Required/Preferred Education and Experience

• Security+ certified (or any DoD required IAM Level I certification or above) required
• 8+ years of relevant work experience in Information Security with at least three years of experience managing security compliance for government contracts preferred
• 8+ Years experience in Cyber Security preferred
• 5+ years working with Medical devices in similar industries preferred
• Experienced leadership capabilities and conflict resolution preferred

Knowledge, Skills and Abilities

• Program management experience required
• Familiarity with global regulatory requirements and guidance for medical devices (e.g., FDA Pre- and Postmarket guidance)
• Experience implementing DoD’s and DHA processes such as RMF, scanning, CMMC, ATO, etc.
• Experience developing System Security Plans
• Extensive background in DoD cybersecurity compliance
• Experience with FIPS 140-2 compliance
• Familiarity with FEDRAMP
• Experience with government PKI requirements (CAC, PIV)
• Executive presence and demonstrated experience in leadership, coaching, empowering, and recognizing others
• Proven aptitude for strategic decision making, planning, vision, and governance for customer experience and IT support operations
• Exceptional collaborator with the ability to influence
• Proven ability to professionally communicate clearly and effectively both verbally and in writing to technical and non-technical audiences
• Proven ability to organize multiple priorities and manage projects and team to achieve deliverables that meet or exceed agreements and expectations
• Knowledge of medical device software life cycle processes is a plus
• Experience with cybersecurity, data governance, and privacy standards (HIPAA, ISO 27001, NIST, UL 2900)
• Ability work on the big picture strategy while addressing near-term tactical implementations

Physical Demands

The physical demands described here are representative of those that must be met by an employee to successfully perform the essential functions of this job.

• Standing - Occasionally
• Walking - Occasionally
• Sitting - Constantly
• Talking - Occasionally
• Hearing - Occasionally
• Repetitive Motions - Frequently

Compensation for this position is $150K-$170K. Final compensation will be determined by various factors such as a candidate's relevant work experience, skills, certifications, and location.

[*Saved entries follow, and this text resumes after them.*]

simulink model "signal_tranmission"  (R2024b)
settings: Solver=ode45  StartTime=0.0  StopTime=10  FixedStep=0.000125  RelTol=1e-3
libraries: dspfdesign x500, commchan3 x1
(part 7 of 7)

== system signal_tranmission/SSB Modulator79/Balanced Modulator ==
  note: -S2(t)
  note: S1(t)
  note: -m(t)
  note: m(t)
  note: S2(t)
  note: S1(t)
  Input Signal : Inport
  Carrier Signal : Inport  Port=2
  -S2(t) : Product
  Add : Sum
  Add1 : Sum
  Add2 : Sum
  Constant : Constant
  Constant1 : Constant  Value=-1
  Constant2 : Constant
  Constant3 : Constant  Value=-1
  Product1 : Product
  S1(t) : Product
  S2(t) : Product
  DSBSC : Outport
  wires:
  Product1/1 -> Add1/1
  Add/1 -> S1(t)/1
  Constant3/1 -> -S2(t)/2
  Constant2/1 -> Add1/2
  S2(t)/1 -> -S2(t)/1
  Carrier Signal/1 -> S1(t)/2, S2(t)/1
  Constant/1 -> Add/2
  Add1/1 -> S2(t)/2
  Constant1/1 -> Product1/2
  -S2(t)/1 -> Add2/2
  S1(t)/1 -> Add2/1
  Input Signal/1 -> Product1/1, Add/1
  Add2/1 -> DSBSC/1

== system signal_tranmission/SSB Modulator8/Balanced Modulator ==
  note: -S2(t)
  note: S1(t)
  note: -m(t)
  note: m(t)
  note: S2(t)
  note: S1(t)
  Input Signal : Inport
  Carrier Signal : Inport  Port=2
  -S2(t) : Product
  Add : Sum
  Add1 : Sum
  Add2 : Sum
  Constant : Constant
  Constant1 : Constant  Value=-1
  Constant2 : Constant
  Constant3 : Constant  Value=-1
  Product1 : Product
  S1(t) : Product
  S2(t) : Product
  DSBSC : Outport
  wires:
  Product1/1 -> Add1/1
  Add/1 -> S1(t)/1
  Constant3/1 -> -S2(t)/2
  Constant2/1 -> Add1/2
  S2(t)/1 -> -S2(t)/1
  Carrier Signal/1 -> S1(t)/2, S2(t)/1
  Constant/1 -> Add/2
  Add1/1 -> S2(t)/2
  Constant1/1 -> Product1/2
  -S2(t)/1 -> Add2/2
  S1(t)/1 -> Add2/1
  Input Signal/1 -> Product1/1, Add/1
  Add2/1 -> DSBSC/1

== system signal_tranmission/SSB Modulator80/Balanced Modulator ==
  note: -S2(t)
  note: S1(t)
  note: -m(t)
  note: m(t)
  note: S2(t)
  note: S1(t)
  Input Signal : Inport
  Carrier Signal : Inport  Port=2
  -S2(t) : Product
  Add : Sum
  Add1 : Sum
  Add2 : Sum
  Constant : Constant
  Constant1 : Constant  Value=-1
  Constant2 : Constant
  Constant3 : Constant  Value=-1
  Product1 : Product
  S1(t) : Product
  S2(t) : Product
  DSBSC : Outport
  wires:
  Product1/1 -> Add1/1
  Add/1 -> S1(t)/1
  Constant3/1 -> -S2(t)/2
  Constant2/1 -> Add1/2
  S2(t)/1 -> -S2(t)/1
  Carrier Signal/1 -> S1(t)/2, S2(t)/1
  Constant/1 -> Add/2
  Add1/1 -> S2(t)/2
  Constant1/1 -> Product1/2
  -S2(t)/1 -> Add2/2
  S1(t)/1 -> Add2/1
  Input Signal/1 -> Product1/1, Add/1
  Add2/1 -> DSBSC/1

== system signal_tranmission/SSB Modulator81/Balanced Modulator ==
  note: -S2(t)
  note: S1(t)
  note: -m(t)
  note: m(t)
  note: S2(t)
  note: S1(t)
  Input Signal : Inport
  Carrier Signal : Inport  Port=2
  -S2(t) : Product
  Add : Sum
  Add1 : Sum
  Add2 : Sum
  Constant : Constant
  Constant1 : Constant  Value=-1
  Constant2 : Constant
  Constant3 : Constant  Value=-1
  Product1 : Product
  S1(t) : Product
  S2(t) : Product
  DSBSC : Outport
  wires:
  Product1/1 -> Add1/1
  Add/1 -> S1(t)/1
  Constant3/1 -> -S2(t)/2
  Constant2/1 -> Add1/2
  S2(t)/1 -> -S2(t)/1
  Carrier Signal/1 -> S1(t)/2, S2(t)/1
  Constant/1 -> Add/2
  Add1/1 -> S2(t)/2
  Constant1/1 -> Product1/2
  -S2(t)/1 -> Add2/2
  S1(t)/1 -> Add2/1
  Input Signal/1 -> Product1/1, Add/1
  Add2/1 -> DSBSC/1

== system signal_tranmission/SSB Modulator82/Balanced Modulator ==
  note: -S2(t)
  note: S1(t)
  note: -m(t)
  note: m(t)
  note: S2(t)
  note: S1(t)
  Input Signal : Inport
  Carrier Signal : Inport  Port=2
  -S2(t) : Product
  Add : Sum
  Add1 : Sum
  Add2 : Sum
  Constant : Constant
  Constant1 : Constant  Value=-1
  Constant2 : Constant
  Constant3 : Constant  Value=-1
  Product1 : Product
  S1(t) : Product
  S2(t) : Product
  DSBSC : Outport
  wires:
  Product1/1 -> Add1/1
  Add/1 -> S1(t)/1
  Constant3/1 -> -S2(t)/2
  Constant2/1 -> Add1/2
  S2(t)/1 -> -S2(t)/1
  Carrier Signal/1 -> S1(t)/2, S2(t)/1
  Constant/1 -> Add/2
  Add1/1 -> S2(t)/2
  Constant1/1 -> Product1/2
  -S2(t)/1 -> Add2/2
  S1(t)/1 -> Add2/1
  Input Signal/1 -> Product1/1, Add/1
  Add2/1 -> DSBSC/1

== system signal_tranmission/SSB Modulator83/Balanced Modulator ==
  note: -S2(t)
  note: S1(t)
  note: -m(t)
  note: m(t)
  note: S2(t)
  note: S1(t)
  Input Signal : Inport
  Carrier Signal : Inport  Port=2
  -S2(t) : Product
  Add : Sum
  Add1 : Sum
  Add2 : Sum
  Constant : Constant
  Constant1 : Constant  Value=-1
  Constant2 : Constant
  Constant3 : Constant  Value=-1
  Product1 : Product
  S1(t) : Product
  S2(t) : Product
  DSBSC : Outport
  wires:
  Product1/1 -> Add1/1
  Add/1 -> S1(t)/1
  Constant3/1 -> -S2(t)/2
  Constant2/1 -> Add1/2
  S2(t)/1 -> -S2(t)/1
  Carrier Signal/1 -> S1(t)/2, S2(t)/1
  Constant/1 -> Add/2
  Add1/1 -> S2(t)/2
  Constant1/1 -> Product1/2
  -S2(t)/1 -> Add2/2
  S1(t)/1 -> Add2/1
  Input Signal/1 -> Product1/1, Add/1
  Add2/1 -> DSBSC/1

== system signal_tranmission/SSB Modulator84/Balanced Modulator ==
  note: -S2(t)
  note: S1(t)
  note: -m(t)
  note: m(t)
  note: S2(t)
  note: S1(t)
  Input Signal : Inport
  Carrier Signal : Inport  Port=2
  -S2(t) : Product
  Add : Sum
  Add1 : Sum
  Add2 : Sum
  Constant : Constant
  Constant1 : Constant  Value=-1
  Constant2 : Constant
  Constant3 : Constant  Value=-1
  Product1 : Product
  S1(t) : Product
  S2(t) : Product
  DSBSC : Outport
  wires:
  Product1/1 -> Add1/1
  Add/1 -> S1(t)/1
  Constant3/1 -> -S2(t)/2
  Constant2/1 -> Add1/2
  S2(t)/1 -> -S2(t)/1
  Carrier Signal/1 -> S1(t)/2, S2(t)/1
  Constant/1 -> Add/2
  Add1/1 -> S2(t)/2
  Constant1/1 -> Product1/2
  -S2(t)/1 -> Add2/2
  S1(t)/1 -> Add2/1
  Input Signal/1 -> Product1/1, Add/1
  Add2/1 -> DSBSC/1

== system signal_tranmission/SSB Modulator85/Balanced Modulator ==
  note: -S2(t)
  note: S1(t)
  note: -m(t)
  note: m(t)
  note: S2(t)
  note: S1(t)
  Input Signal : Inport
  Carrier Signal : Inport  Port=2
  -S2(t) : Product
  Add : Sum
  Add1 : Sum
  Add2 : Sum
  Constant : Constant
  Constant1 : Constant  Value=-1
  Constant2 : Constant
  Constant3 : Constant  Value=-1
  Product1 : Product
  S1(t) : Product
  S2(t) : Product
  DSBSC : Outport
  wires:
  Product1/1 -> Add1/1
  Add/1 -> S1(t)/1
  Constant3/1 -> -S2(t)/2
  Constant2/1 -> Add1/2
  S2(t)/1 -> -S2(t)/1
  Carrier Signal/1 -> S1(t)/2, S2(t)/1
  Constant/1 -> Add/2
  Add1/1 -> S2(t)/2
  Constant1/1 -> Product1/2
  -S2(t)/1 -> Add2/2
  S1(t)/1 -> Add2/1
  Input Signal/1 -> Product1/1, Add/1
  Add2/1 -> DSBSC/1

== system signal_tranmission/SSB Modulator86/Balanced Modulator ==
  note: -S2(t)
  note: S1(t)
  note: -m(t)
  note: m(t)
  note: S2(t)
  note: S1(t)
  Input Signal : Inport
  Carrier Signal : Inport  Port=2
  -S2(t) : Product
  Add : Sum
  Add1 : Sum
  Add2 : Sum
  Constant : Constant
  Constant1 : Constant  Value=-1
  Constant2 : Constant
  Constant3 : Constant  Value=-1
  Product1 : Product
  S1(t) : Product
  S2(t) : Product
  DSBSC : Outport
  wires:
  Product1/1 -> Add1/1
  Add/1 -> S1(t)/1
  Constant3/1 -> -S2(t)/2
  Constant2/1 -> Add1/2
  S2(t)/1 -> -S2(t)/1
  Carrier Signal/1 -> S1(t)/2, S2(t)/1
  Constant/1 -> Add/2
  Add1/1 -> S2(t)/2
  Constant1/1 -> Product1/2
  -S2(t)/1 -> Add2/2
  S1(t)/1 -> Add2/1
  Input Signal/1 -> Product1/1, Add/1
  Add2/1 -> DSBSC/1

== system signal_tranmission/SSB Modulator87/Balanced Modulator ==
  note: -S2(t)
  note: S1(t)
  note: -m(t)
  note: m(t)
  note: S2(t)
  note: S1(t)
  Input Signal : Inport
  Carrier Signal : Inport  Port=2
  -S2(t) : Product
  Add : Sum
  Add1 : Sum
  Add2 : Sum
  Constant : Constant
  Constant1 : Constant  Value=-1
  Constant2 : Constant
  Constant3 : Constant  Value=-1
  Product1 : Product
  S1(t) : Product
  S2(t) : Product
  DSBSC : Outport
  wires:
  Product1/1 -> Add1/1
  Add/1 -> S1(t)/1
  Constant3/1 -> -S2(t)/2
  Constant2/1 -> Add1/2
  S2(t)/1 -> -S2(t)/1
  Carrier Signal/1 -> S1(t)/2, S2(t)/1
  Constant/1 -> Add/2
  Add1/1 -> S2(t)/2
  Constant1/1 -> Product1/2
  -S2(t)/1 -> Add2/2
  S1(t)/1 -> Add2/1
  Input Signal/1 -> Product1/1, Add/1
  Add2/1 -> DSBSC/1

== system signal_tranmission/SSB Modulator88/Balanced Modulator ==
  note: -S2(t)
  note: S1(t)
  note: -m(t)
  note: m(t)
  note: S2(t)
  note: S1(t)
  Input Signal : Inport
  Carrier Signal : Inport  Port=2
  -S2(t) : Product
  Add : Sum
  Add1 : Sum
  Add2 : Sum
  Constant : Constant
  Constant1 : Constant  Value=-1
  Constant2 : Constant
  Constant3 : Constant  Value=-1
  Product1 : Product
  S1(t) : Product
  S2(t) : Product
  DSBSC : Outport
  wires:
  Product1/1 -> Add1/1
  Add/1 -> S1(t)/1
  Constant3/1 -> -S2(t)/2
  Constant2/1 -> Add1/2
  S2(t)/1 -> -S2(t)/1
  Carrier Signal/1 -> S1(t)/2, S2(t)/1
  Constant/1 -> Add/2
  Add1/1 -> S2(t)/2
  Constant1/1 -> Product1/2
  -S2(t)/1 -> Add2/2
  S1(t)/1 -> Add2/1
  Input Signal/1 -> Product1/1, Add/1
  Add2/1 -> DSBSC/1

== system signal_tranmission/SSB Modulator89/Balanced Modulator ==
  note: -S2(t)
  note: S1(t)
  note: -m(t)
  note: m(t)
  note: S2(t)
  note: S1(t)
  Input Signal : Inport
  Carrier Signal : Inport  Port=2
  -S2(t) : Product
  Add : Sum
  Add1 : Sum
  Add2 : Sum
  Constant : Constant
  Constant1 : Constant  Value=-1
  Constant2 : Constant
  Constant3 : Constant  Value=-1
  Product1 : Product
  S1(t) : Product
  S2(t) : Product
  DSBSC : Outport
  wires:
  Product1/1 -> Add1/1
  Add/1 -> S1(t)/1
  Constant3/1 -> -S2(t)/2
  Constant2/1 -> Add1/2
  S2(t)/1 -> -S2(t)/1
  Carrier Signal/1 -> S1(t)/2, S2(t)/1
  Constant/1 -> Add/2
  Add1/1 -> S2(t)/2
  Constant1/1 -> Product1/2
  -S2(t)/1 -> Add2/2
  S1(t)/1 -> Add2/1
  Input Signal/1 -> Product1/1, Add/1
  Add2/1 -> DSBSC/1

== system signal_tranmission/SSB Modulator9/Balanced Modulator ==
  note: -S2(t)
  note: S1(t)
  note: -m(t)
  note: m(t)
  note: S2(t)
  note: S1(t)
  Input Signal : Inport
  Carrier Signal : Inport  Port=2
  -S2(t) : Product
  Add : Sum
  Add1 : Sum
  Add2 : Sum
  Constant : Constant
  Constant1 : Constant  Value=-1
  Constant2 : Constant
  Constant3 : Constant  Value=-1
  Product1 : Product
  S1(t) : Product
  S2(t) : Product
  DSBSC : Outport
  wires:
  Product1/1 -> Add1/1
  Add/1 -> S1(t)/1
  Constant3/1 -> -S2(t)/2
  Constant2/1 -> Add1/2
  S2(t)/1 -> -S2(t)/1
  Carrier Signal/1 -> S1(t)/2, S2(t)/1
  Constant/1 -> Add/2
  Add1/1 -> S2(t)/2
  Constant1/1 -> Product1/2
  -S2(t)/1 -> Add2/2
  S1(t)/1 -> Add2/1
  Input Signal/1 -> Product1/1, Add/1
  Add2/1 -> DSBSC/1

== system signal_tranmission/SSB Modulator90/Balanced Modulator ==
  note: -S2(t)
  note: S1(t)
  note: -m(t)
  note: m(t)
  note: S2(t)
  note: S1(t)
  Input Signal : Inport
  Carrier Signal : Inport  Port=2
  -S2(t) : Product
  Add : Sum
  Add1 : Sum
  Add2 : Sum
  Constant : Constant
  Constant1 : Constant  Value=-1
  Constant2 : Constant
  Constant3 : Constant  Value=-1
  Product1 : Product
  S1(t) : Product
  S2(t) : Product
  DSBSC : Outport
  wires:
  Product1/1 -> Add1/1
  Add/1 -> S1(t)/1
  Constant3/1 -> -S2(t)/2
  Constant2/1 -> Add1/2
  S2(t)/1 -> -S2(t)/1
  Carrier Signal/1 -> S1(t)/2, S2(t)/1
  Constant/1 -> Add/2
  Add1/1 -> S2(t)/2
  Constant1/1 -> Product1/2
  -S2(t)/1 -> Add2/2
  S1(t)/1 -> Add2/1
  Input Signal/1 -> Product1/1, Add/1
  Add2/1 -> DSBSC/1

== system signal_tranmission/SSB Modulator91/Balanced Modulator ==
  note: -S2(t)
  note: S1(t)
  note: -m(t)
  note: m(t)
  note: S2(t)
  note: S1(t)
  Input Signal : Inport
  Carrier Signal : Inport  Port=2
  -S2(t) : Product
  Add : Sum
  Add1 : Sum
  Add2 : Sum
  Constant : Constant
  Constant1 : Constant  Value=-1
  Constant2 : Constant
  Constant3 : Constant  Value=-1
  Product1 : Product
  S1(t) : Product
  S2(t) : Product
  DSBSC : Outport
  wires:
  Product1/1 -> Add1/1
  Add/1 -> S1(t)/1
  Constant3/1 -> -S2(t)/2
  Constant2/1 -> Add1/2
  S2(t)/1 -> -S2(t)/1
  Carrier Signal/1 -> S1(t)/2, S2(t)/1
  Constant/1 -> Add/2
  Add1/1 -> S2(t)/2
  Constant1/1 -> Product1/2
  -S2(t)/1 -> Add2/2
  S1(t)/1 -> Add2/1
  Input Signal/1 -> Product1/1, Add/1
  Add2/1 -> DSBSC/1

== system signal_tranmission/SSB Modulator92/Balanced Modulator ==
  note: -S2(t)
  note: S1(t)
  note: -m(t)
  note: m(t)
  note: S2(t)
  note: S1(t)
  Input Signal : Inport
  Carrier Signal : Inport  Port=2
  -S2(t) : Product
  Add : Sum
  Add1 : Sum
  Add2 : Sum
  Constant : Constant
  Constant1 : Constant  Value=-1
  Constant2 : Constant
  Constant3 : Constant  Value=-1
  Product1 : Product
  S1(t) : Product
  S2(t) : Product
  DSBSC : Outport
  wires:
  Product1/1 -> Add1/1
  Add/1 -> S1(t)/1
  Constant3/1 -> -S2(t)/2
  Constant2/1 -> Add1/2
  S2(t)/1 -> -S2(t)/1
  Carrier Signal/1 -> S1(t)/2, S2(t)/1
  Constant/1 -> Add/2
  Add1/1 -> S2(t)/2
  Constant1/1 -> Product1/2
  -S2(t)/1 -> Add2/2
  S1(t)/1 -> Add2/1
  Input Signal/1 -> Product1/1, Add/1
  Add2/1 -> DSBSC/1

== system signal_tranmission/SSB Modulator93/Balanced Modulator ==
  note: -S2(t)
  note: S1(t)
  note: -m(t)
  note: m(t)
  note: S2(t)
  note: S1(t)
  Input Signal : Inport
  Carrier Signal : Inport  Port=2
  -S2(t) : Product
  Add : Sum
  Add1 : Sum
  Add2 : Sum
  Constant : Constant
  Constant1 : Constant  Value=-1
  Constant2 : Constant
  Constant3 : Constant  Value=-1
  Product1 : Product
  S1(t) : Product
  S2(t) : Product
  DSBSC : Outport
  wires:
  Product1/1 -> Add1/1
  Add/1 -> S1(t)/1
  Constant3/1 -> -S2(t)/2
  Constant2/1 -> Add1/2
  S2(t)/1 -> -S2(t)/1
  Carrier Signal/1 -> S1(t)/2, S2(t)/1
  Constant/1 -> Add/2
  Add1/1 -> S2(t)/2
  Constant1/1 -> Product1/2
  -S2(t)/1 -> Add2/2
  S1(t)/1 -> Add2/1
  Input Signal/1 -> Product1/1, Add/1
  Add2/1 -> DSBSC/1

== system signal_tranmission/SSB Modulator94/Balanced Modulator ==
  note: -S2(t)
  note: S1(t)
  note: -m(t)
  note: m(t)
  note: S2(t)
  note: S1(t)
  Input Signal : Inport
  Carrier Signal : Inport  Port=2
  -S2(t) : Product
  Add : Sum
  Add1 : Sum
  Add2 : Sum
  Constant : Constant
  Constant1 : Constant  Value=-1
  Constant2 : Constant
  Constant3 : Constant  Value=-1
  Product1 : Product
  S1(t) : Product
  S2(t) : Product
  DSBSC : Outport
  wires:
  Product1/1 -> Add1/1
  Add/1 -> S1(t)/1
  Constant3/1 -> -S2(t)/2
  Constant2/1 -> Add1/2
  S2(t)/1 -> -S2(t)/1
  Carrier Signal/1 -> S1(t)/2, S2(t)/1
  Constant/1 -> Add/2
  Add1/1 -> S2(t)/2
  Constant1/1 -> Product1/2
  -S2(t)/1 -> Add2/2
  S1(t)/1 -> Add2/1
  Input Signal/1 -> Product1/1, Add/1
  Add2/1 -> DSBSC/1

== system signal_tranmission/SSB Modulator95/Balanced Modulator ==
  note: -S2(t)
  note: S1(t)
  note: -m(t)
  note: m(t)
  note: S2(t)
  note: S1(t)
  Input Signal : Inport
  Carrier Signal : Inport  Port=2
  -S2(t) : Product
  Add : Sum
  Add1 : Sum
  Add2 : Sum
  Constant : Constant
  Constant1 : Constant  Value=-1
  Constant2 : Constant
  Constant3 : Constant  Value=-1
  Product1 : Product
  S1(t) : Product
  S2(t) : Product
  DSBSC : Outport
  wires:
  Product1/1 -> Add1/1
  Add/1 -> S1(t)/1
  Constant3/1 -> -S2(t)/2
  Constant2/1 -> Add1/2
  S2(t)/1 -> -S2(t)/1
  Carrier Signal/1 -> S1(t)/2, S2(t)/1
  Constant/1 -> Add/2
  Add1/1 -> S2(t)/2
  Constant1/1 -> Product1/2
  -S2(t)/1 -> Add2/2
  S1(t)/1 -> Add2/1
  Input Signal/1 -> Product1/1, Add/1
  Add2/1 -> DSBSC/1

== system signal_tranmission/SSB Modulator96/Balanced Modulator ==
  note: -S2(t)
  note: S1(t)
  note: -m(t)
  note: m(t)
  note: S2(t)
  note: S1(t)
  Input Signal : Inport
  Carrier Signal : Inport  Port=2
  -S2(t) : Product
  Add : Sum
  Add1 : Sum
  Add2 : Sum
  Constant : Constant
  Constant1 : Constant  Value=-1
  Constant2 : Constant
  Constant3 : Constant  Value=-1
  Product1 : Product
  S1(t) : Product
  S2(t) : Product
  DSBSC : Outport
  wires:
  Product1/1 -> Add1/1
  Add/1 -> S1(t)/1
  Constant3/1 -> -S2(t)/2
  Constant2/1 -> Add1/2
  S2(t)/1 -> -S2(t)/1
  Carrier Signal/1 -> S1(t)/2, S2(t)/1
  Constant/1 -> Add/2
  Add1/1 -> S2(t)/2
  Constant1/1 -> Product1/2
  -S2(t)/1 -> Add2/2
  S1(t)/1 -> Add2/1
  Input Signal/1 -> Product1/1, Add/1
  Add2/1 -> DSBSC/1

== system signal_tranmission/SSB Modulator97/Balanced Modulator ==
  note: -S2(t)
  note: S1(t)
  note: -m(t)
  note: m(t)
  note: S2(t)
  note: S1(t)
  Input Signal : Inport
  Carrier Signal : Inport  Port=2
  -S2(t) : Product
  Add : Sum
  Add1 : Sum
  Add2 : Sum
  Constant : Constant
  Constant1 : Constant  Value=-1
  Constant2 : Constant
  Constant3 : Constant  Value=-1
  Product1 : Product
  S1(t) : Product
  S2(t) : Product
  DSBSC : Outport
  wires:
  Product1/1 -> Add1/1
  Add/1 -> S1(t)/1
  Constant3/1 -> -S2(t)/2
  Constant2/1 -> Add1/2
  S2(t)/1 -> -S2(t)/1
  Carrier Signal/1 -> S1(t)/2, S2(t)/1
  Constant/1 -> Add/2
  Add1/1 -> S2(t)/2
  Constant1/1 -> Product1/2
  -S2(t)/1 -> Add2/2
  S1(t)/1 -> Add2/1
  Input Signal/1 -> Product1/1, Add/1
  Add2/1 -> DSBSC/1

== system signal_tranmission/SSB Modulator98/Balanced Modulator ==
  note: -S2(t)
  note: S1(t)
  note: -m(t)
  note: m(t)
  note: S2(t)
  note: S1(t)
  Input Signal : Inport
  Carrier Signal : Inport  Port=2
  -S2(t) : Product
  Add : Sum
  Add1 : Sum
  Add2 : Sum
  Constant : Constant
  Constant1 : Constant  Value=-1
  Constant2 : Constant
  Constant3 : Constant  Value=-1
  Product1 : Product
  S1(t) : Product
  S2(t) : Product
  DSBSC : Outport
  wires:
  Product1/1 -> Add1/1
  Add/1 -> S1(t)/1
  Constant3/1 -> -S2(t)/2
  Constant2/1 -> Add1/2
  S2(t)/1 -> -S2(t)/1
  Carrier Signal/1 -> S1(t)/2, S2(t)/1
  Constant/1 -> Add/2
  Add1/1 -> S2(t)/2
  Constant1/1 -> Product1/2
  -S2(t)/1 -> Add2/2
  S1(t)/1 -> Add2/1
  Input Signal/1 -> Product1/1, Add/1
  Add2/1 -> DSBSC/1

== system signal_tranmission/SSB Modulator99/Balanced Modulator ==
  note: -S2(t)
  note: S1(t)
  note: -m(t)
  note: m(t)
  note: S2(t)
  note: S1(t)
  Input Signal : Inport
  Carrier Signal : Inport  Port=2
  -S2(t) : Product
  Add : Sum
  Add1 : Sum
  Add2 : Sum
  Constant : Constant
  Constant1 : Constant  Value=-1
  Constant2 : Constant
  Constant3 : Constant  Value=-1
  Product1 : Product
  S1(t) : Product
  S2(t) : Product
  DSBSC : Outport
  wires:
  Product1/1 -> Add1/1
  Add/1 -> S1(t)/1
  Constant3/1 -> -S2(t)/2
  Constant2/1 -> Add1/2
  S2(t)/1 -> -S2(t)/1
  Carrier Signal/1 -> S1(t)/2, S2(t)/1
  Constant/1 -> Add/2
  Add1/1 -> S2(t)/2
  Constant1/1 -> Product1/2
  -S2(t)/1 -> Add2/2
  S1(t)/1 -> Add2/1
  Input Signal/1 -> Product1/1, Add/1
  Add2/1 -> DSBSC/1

If you would like to be considered for this role, we are asking that all applicants please apply by the end of the day on Friday, March 14, 2025.

ZOLL is a fast-growing company that operates in more than 140 countries around the world. Our employees are inspired by a commitment to make a difference in patients' lives, and our culture values innovation, self-motivation and an entrepreneurial spirit. Join us in our efforts to improve outcomes for underserved patients suffering from critical cardiopulmonary conditions and help save more lives.

ZOLL Medical does not provide immigration-related sponsorship for this role. Do not apply for this role if you will need ZOLL immigration sponsorship (e.g. H1B, TN, STEM, OPT, etc.) either now or in the future.

All qualified applicants will receive consideration for employment without regard to race, color, religion, sex, sexual orientation, gender identity, national origin, disability, or status as a protected veteran.